据张杰介绍,青藏高原早在史前便与外界存在着交流,交通往来已经存在。随着吐蕃赞普先后迎娶文成、金城公主入藏,“高原丝路”唐蕃古道得到进一步开拓;而对于尺尊公主大规模的迎亲活动,无疑有开辟“高原丝路”吐蕃—尼婆罗古道部分的作用。唐蕃古道、吐蕃—尼婆罗古道的开拓也加强了官方之间的交流,包括文化、宗教等。例如,此次的展出的大昭寺藏吐蕃银壶的复制品上,贴有头戴波斯萨珊王朝王室贵族标志——日月星冠的胡人纹样,便是欧亚文明间交流的见证。
除了官方来往的交通道路之外,茶马古道也是民间贸易、文化交流的重要要道。当中原地区进入秦汉至魏晋时代,茶叶已经通过古丝绸之路的分支被运输到海拔4500米的西藏阿里地区,以交换马匹。展览中也展示了汉代时期的茶叶。茶马互市联系起了西藏与内地之间的商贸往来,绵延的高原“丝路”更连接起了西藏与印度,乃至更远的中亚。
新认识3:西藏佛教由印度与中原两路传入
很多人一直认为,西藏佛教直接来源自印度。张杰指出,西藏佛教实际上是由印度与中原两路传入。
公元7世纪,松赞干布任赞普时期,统一各部,建立吐蕃王朝。为建立新的政治秩序,摆脱此前吐蕃政权被苯教影响的局面,松赞干布从印度及中原引入佛教,并以法律形式颁行。佛苯之间产生相争的局面,在宗教斗争的表象下,是新旧政治势力的角逐。
展览中,北魏和平三年的铜鎏金弥勒佛像与公元8世纪的合金释迦牟尼立像,是吐蕃王朝时期佛教受到中原和外来文化影响的重要见证。铜鎏金弥勒佛像与释迦牟尼像造型一致,底座背后的铭文记录造于“北魏和平三年”,并写明此尊像为弥勒。
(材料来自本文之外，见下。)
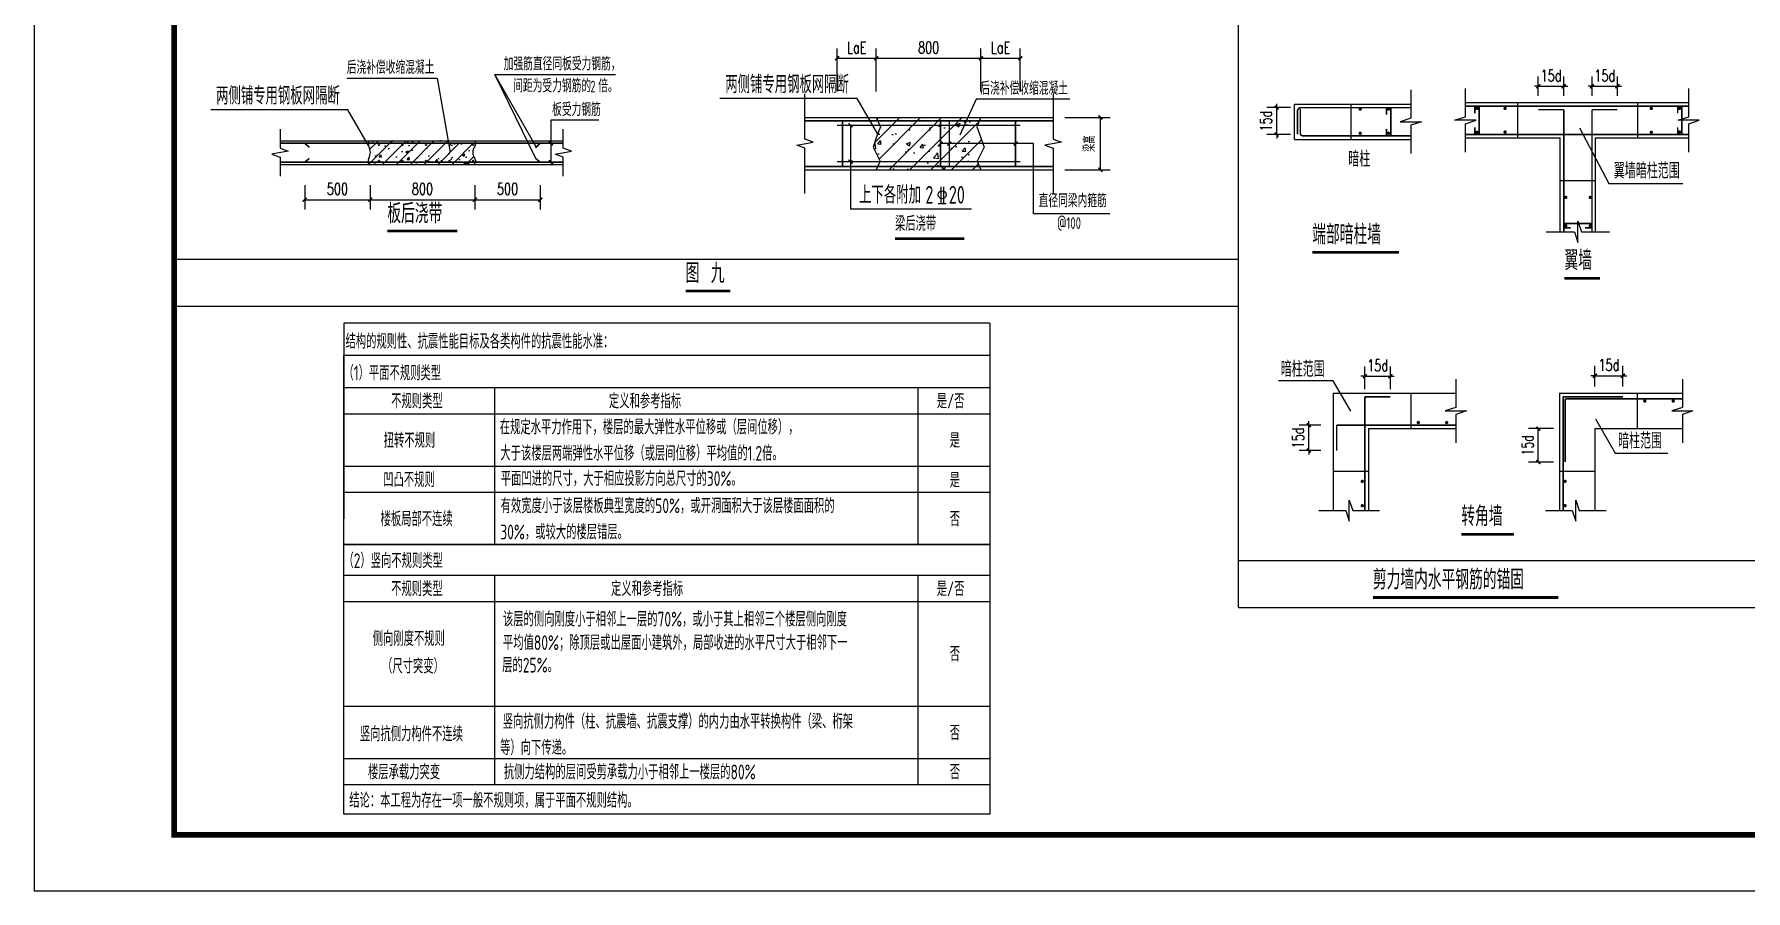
# Model space of a CAD drawing. Extents: x 1051052 to 1482120, y -981644 to -673261.
# Drawn here: x 1279997 to 1323603, y -820818 to -799005 of the extents above; entities that cross this region are included whole.
import ezdxf

# ---------------------------------------------------------------- set-up
doc = ezdxf.new("R2010")
doc.units = 0
doc.header["$LTSCALE"] = 1000
doc.header["$MEASUREMENT"] = 0
for name, color, linetype in [('DIM_LEAD', 3, 'Continuous'), ('DIM_SYMB', 3, 'Continuous'), ('PUB_DIM', 3, 'Continuous'), ('PUB_TEXT', 7, 'Continuous'), ('TK', 142, 'Continuous'), ('填充', 8, 'Continuous'), ('层0', 7, 'Continuous'), ('折断线', 7, 'Continuous'), ('钢筋', 1, 'Continuous')]:
    doc.layers.add(name, color=color, linetype=linetype)
doc.layers.add('TEXT', color=7, linetype='Continuous', lineweight=25)
doc.layers.add('图框外框__细线', color=9, linetype='Continuous', lineweight=18)
doc.styles.add('_TCH_DIM_T3', font='SIMPLEX', dxfattribs={"width": 0.705882, "bigfont": 'GBCBIG'})
doc.styles.add('TSSD_Num', font='Tssdeng.shx', dxfattribs={"width": 0.7, "bigfont": 'hztxt.shx'})
doc.dimstyles.new('_TCH_ARCH&&100', dxfattribs={"dimtxt": 297.5, "dimasz": 100, "dimexe": 250, "dimexo": 300, "dimgap": 126.25, "dimtad": 1, "dimdec": 0, "dimzin": 0, "dimdsep": 46, "dimtxsty": '_TCH_DIM_T3', "dimblk": 'ARCHTICK', "dimcen": 0.09, "dimclrt": 7, "dimazin": 2, "dimtfac": 1, "dimtdec": 0, "dimtix": 1, "dimtmove": 2, "dimatfit": 3, "dimfxl": 0, "dimtolj": 1, "dimtzin": 0, "dimarcsym": 0})

# ---------------------------------------------------------------- blocks, each defined once
blk = doc.blocks.new('_ArchTick')
at = {"color": 0, "linetype": 'ByBlock', "const_width": 0.4}
blk.add_lwpolyline([(-0.5, -0.5), (0.5, 0.5)], dxfattribs=at)
blk = doc.blocks.new('*D562')
at = {"layer": 'Defpoints', "color": 0, "transparency": 16777216}
for p in [(1301451, -799618), (1300451, -800766), (1301451, -800766)]:
    blk.add_point(p, dxfattribs=at)
at = {"layer": 'PUB_DIM', "color": 0, "lineweight": -2, "transparency": 16777216}
for p, q in [((1300451, -800466), (1300451, -799368)), ((1300451, -799618), (1301451, -799618)), ((1301451, -800466), (1301451, -799368))]:
    blk.add_line(p, q, dxfattribs=at)
at = {"layer": 'PUB_DIM', "color": 0, "lineweight": -2, "transparency": 16777216, "xscale": 100, "yscale": 100, "zscale": 100, "rotation": 180}
blk.add_blockref('_ArchTick', (1300451, -799618), dxfattribs=at)
at = {"layer": 'PUB_DIM', "color": 0, "lineweight": -2, "transparency": 16777216, "xscale": 100, "yscale": 100, "zscale": 100}
blk.add_blockref('_ArchTick', (1301451, -799618), dxfattribs=at)
at = {"layer": 'PUB_DIM', "color": 7, "transparency": 16777216, "insert": (1300951, -799343), "char_height": 297.5, "attachment_point": 5, "style": '_TCH_DIM_T3'}
blk.add_mtext('\\A1;LaE', dxfattribs=at)
blk = doc.blocks.new('*D563')
at = {"layer": 'Defpoints', "color": 0, "transparency": 16777216}
for p in [(1304118, -799618), (1301451, -800766), (1304118, -800766)]:
    blk.add_point(p, dxfattribs=at)
at = {"layer": 'PUB_DIM', "color": 0, "lineweight": -2, "transparency": 16777216}
for p, q in [((1301451, -800466), (1301451, -799368)), ((1301451, -799618), (1304118, -799618)), ((1304118, -800466), (1304118, -799368))]:
    blk.add_line(p, q, dxfattribs=at)
at = {"layer": 'PUB_DIM', "color": 0, "lineweight": -2, "transparency": 16777216, "xscale": 100, "yscale": 100, "zscale": 100, "rotation": 180}
blk.add_blockref('_ArchTick', (1301451, -799618), dxfattribs=at)
at = {"layer": 'PUB_DIM', "color": 0, "lineweight": -2, "transparency": 16777216, "xscale": 100, "yscale": 100, "zscale": 100}
blk.add_blockref('_ArchTick', (1304118, -799618), dxfattribs=at)
at = {"layer": 'PUB_DIM', "color": 7, "transparency": 16777216, "insert": (1302784, -799343), "char_height": 297.5, "attachment_point": 5, "style": '_TCH_DIM_T3'}
blk.add_mtext('\\A1;800', dxfattribs=at)
blk = doc.blocks.new('*D564')
at = {"layer": 'Defpoints', "color": 0, "transparency": 16777216}
for p in [(1305118, -799618), (1304118, -800766), (1305118, -800766)]:
    blk.add_point(p, dxfattribs=at)
at = {"layer": 'PUB_DIM', "color": 0, "lineweight": -2, "transparency": 16777216}
for p, q in [((1304118, -800466), (1304118, -799368)), ((1304118, -799618), (1305118, -799618)), ((1305118, -800466), (1305118, -799368))]:
    blk.add_line(p, q, dxfattribs=at)
at = {"layer": 'PUB_DIM', "color": 0, "lineweight": -2, "transparency": 16777216, "xscale": 100, "yscale": 100, "zscale": 100, "rotation": 180}
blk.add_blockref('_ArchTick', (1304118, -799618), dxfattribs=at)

来自于内地的佛像表明了吐蕃在接受佛教的过程中,不只接受了印度佛教,同时还接受了内地汉传佛教,体现了吐蕃对内地文化的认同,也由此证明,西藏地方佛教并非单纯外来,而是从一开始就受到了中国化佛教的影响。
合金释迦牟尼立像则为克什米尔类型造像,螺发、高鼻深目等特征显示着健陀罗艺术的影响,表明佛教初传入吐蕃时,在中原造型像艺术之外,东印度帕拉造像、尼泊尔造像、斯瓦特造像、克什米尔造像,乃至新疆于阗的造像都对吐蕃佛教艺术产生过影响。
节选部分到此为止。